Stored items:
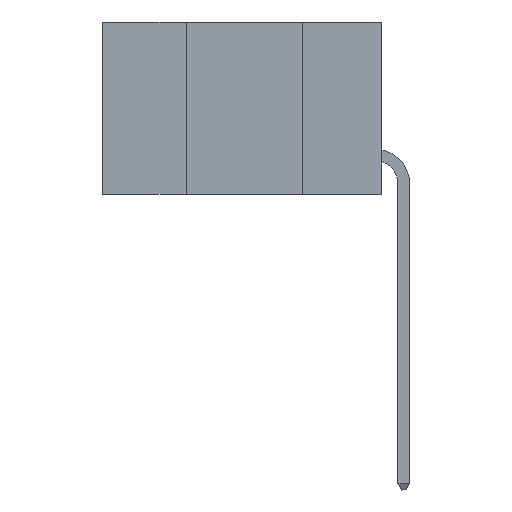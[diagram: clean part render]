
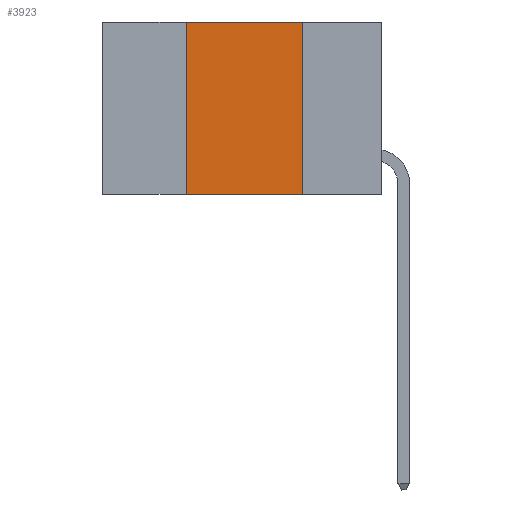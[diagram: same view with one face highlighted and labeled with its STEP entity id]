
A CAD part, left-side view. The second image highlights one B-rep face of the part: STEP entity #3923.
In plain terms, the highlighted planar face has unit normal (-1, 0, 0).
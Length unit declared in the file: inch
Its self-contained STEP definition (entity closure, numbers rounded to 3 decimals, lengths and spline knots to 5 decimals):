
#18 = ORIENTED_EDGE ( 'NONE', *, *, #7673, .T. ) ;
#630 = EDGE_LOOP ( 'NONE', ( #4988, #9325, #1724, #18 ) ) ;
#838 = CARTESIAN_POINT ( 'NONE',  ( 0., 0.42, -0.37 ) ) ;
#927 = DIRECTION ( 'NONE',  ( 0., -1., 0. ) ) ;
#1595 = DIRECTION ( 'NONE',  ( 0., 0., -1. ) ) ;
#1724 = ORIENTED_EDGE ( 'NONE', *, *, #11932, .F. ) ;
#1838 = DIRECTION ( 'NONE',  ( 0., 0., 1. ) ) ;
#2387 = LINE ( 'NONE', #9229, #3818 ) ;
#3066 = LINE ( 'NONE', #8015, #11566 ) ;
#3220 = DIRECTION ( 'NONE',  ( 0., -1., 0. ) ) ;
#3451 = VECTOR ( 'NONE', #11931, 39.37008 ) ;
#3818 = VECTOR ( 'NONE', #3220, 39.37008 ) ;
#3923 = ADVANCED_FACE ( 'NONE', ( #7844 ), #11635, .F. ) ;
#4136 = VERTEX_POINT ( 'NONE', #8898 ) ;
#4988 = ORIENTED_EDGE ( 'NONE', *, *, #8854, .F. ) ;
#5100 = CARTESIAN_POINT ( 'NONE',  ( 0., 0.6, 0. ) ) ;
#6564 = CARTESIAN_POINT ( 'NONE',  ( 0., 0.6, 0. ) ) ;
#7673 = EDGE_CURVE ( 'NONE', #11210, #8828, #2387, .T. ) ;
#7844 = FACE_OUTER_BOUND ( 'NONE', #630, .T. ) ;
#7882 = CARTESIAN_POINT ( 'NONE',  ( 0., 0.17, -0.37 ) ) ;
#8015 = CARTESIAN_POINT ( 'NONE',  ( 0., 0.42, 0. ) ) ;
#8141 = AXIS2_PLACEMENT_3D ( 'NONE', #6564, #8686, #1595 ) ;
#8686 = DIRECTION ( 'NONE',  ( 1., 0., 0. ) ) ;
#8828 = VERTEX_POINT ( 'NONE', #7882 ) ;
#8854 = EDGE_CURVE ( 'NONE', #4136, #8828, #11170, .T. ) ;
#8898 = CARTESIAN_POINT ( 'NONE',  ( 0., 0.17, 0. ) ) ;
#9229 = CARTESIAN_POINT ( 'NONE',  ( 0., 0.6, -0.37 ) ) ;
#9325 = ORIENTED_EDGE ( 'NONE', *, *, #10772, .F. ) ;
#9488 = LINE ( 'NONE', #5100, #10281 ) ;
#9684 = VERTEX_POINT ( 'NONE', #10075 ) ;
#9951 = CARTESIAN_POINT ( 'NONE',  ( 0., 0.17, 0. ) ) ;
#10075 = CARTESIAN_POINT ( 'NONE',  ( 0., 0.42, 0. ) ) ;
#10281 = VECTOR ( 'NONE', #927, 39.37008 ) ;
#10772 = EDGE_CURVE ( 'NONE', #9684, #4136, #9488, .T. ) ;
#11170 = LINE ( 'NONE', #9951, #3451 ) ;
#11210 = VERTEX_POINT ( 'NONE', #838 ) ;
#11566 = VECTOR ( 'NONE', #1838, 39.37008 ) ;
#11635 = PLANE ( 'NONE',  #8141 ) ;
#11931 = DIRECTION ( 'NONE',  ( 0., 0., -1. ) ) ;
#11932 = EDGE_CURVE ( 'NONE', #11210, #9684, #3066, .T. ) ;

Task statement >> What lines in the records contain the word "unit"? Return each one.

Solution to the exercise >>
In plain terms, the highlighted planar face has unit normal (-1, 0, 0).
Length unit declared in the file: inch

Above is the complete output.